Il me paraît donc logique que l’on se sente concernés par le niveau des émissions européennes et que l’on tente de les réduire.
Néanmoins il serait peut-être économiquement plus intéressant de réduire les émissions des pays émergents, 1 tonne de CO2 évitée coûte généralement plus cher en Europe qu’en Afrique.
Vous avez raison, il faut à tout prix empêcher ces salauds de pauvres d’essayer de manger à leur faim. Sous prétexte de ne plus vouloir voir leur gosses crever, décimés par la sécheresse, la famine et la maladie, ils n’hésiteraient pas à pas nous encarboner, ces égoïstes !
L’humanisme réchauffiste…
Euh… Ce n’est pas ce que j’ai écrit.
J’ai simplement émis l’idée qu’il était sans doute plus efficient de consacrer de l’argent à décarboner les pays en voie de développement que les pays développés.
Pas pour empêcher leur développement mais pour le décarboner.
Bravo d’Inde à A. Lescure
Je vais vous dire un truc du fin fond de mon village au Tamil Nadu : dès que je lis : « 1 tonne de CO2 ou émissions de CO₂ », je me dis que je ne suis pas concerné, cette notion m’est étrangère, elle est toxique à la base. Elle a été conçue par nos ennemis, on s’en balance complètement. C’est un truc de complotistes, de tordus, de croyants malfaisants qui veulent à tout prix nous maintenir en servitude, en esclavage, je ne marcherai jamais dans cette combine, ça pue, son origine, leurs motivations, tout quoi.
Dites, cela n’a plus rien de scientifique, n’est-ce pas ?
Aux climato-réalistes, n’utilisez jamais cette notion, sinon vous serez totalement discrédités et cela serait dommage.

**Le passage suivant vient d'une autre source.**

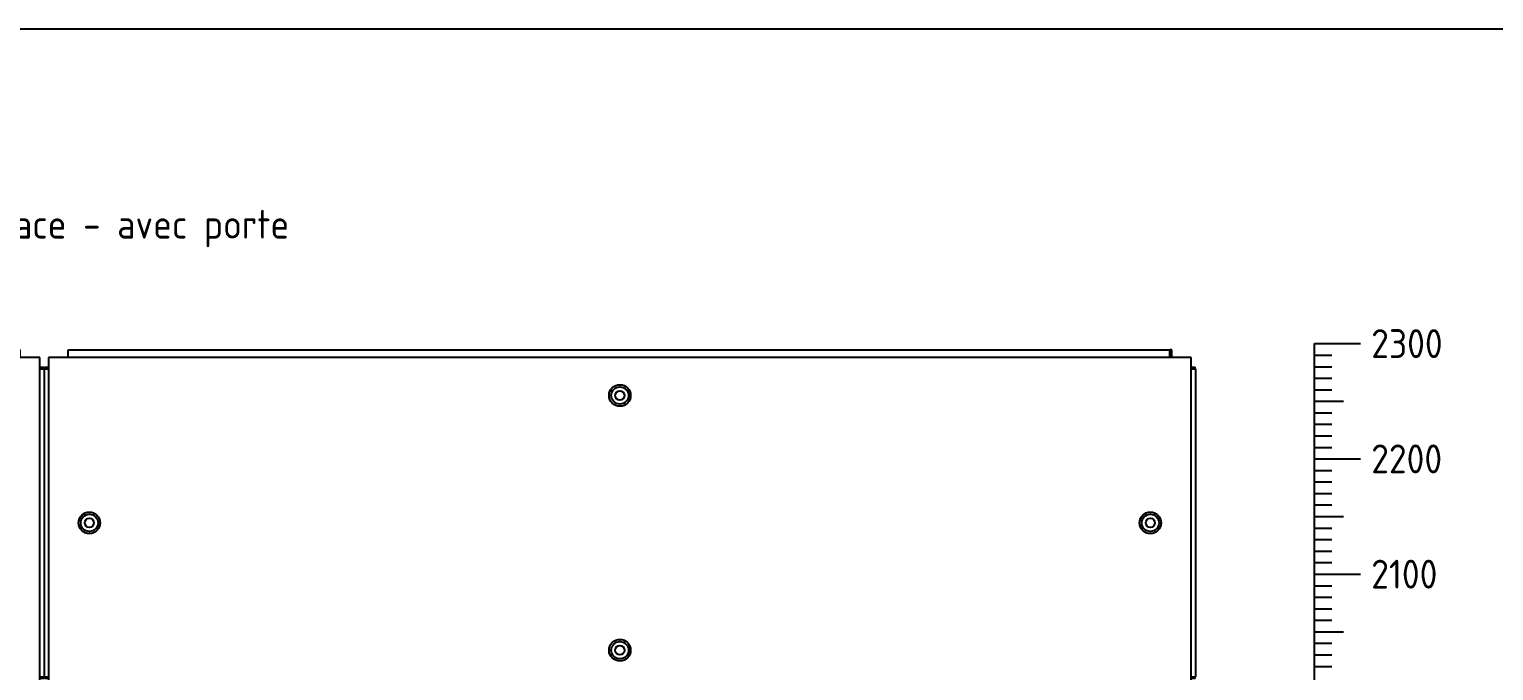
# Model space of a CAD drawing. Header units: millimetres. Extents: x 37984 to 70752, y 14140 to 37584.
# Drawn here: x 39488 to 40759, y 20783 to 21340 of the extents above; entities that cross this region are included whole.
import ezdxf
from ezdxf.enums import TextEntityAlignment as Align

# ---------------------------------------------------------------- set-up
doc = ezdxf.new("R2010")
doc.units = ezdxf.units.MM
doc.set_wipeout_variables(frame=1)
doc.layers.add('! NO PLOT !', color=7, linetype='Continuous', true_color=0xff75dd, plot=False)
doc.layers.add('000-PI-ORMAR', color=2, linetype='Continuous')
doc.styles.add('PI0', font='isocpeur.ttf', dxfattribs={"width": 0.9})

# ---------------------------------------------------------------- blocks, each defined once
blk = doc.blocks.new('skala_2300')
for p, q in [((0, 1400), (0, 2300)), ((0, 2300), (40, 2300)), ((0, 2290), (15, 2290)), ((0, 2280), (15, 2280)), ((0, 2270), (15, 2270)), ((0, 2260), (15, 2260)), ((0, 2250), (25, 2250)), ((0, 2240), (15, 2240)), ((0, 2230), (15, 2230)), ((0, 2220), (15, 2220)), ((0, 2210), (15, 2210)), ((0, 2200), (40, 2200)), ((0, 2190), (15, 2190)), ((0, 2180), (15, 2180)), ((0, 2170), (15, 2170)), ((0, 2160), (15, 2160)), ((0, 2150), (25, 2150)), ((0, 2140), (15, 2140)), ((0, 2130), (15, 2130)), ((0, 2120), (15, 2120)), ((0, 2110), (15, 2110)), ((0, 2100), (40, 2100)), ((0, 2090), (15, 2090)), ((0, 2080), (15, 2080)), ((0, 2070), (15, 2070)), ((0, 2060), (15, 2060)), ((0, 2050), (25, 2050)), ((0, 2040), (15, 2040)), ((0, 2030), (15, 2030)), ((0, 2020), (15, 2020))]:
    blk.add_line(p, q)
at = {"style": 'PI0', "width": 0.9}
for s, p in [('2300', (49.2, 2300)), ('2200', (49.2, 2200)), ('2100', (49.2, 2100))]:
    blk.add_text(s, height=25, dxfattribs=at).set_placement(p, align=Align.MIDDLE_LEFT)
blk = doc.blocks.new('SE_krov_300mm')
at = {"layer": '000-PI-ORMAR'}
for p, q in [((-485, 293.5), (-485, 6.5)), ((507, 293.5), (-485, 293.5)), ((-468, 300), (-444.5, 300)), ((-468, 299.5), (-468, 300)), ((-468, 293.5), (-468, 299.5)), ((-444.5, 300), (488.5, 300)), ((490, 300), (488.5, 300)), ((488.5, 293.5), (488.5, 300)), ((488.5, 299.5), (488.5, 293.5)), ((490, 293.5), (490, 300)), ((507, 6.5), (507, 293.5)), ((-488.75, 283.5), (-485, 283.5)), ((-488.75, 283.5), (-488.75, 16.5)), ((-488.5, 285), (-485, 285)), ((-488.5, 285), (-488.5, 283.5)), ((-486, 283.5), (-486, 285)), ((507, 285), (510.5, 285)), ((507, 283.5), (510.75, 283.5)), ((508, 283.5), (508, 285)), ((510.5, 283.5), (510.5, 285)), ((510.75, 283.5), (510.75, 16.5)), ((-488.75, 16.5), (-485, 16.5)), ((-488.5, 16.5), (-488.5, 15)), ((-485, 15), (-488.5, 15)), ((-486, 16.5), (-486, 15)), ((507, 16.5), (510.75, 16.5)), ((510.5, 15), (507, 15)), ((508, 16.5), (508, 15)), ((510.5, 15), (510.5, 16.5)), ((-485, 6.5), (507, 6.5)), ((-468, 6.5), (-468, 0)), ((-468, 0), (-466.5, 0)), ((-466.5, 0.5), (-466.5, 6.5)), ((-466.5, 6.5), (-466.5, 0)), ((466.5, 0), (-466.5, 0)), ((490, 0), (466.5, 0)), ((490, 6.5), (490, 0.5)), ((490, 0.5), (490, 0))]:
    blk.add_line(p, q, dxfattribs=at)
for centre, radius in [((11, 260.5), 9.36), ((11, 260.5), 7.5), ((11, 260.5), 4), ((-449.5, 150), 9.36), ((-449.5, 150), 9.36), ((-449.5, 150), 7.5), ((-449.5, 150), 4), ((471.5, 150), 9.36), ((471.5, 150), 9.36), ((471.5, 150), 7.5), ((471.5, 150), 4), ((11, 39.5), 9.36), ((11, 39.5), 7.5), ((11, 39.5), 4)]:
    blk.add_circle(centre, radius, dxfattribs=at)

msp = doc.modelspace()

# ---------------------------------------------------------------- linework, layer by layer
at = {"layer": '! NO PLOT !', "ltscale": 0.25}
msp.add_lwpolyline([(37984.324, 21339.576), (37984.324, 18139.576), (41051.871, 18139.576), (41051.871, 20124.741), (42576.324, 20124.741), (42576.324, 21339.576), (37984.324, 21339.576)], dxfattribs=at)

# ---------------------------------------------------------------- block references
msp.add_blockref('skala_2300', (40603.922, 18766.904))

# ---------------------------------------------------------------- texts
at = {"layer": '! NO PLOT !', "style": 'PI0', "width": 0.9}
msp.add_text('Vue de face - avec porte', height=25, dxfattribs=at).set_placement((39530.003, 21166.792), align=Align.MIDDLE)

# ---------------------------------------------------------------- next in the draw order: wipeouts: each hides what was drawn before it
msp.add_wipeout([(38505.42, 21054.904), (39497.42, 21054.904), (39497.42, 20767.904), (38505.42, 20767.904)]).dxf.layer = '000-PI-ORMAR'

# ---------------------------------------------------------------- next in the draw order: block references
msp.add_blockref('SE_krov_300mm', (38990.42, 20761.404))

# ---------------------------------------------------------------- next in the draw order: wipeouts: each hides what was drawn before it
msp.add_wipeout([(39504.92, 21054.904), (40496.92, 21054.904), (40496.92, 20767.904), (39504.92, 20767.904)]).dxf.layer = '000-PI-ORMAR'

# ---------------------------------------------------------------- next in the draw order: block references
msp.add_blockref('SE_krov_300mm', (39989.92, 20761.404))

doc.saveas('drawing.dxf')

Ne dites pas non plus que le climat va se réchauffer, personne n’en sait rien, non ? Si vous participez à cette psychose, vous êtes cuits !
« L’empreinte carbone » n’a aucune signification.
C’est un calcul qui n’a pas plus de valeur scientifique qu’un Diagnostic de Performance Énergétique ou une puissance fiscale de voiture.
Total accord mais on a pas fini d’en entendre parler comme du dérèglement climatique dont on nous rebat les oreilles comme si de tout temps le climat avait été régé ! par qui au fait ? et quel est donc ce règlement ?
Effectivement, l’empreinte carbone n’est pas une mesure physique directe : c’est un indicateur construit à partir de conventions, de facteurs d’émission et d’hypothèses.
L’empreinte carbone est utile pour comparer des ordres de grandeur. Le plus souvent elle intègre le carbone relatif aux importations et c’est son intérêt principal. En effet si on se limite au carbone produit sur une aire géographique (Europe) on fait, par exemple, l’impasse sur le carbone issu de la délocalisation de l’industrie.
D’autre part l’empreinte carbone met en évidence l’individu et non l’Etat. Ainsi on peut comparer ce qui est comparable et ne pas comparer la France à la Chine ou au reste du monde ce qui n’a aucun sens puisque les quantités de populations sont extrêmement différentes.
Le terme « climato-sceptique » est effectivement erroné. Vous êtes plutôt des « climato-relativistes » : vous ne contestez pas que le climat évolue mais vous contestez son origine humaine ainsi que la vitesse à laquelle celui-ci change. Bref, vous allez à l’encontre de la majorité des études sur le sujet.
Oui c’est ça : « à l’encontre de la majorité des études sur le sujet. »
Ça n’est pas une démonstration qu’on a tort.
En sciences quand une démonstration est bien menée, elle s’impose à tous. Pas besoin de consensus.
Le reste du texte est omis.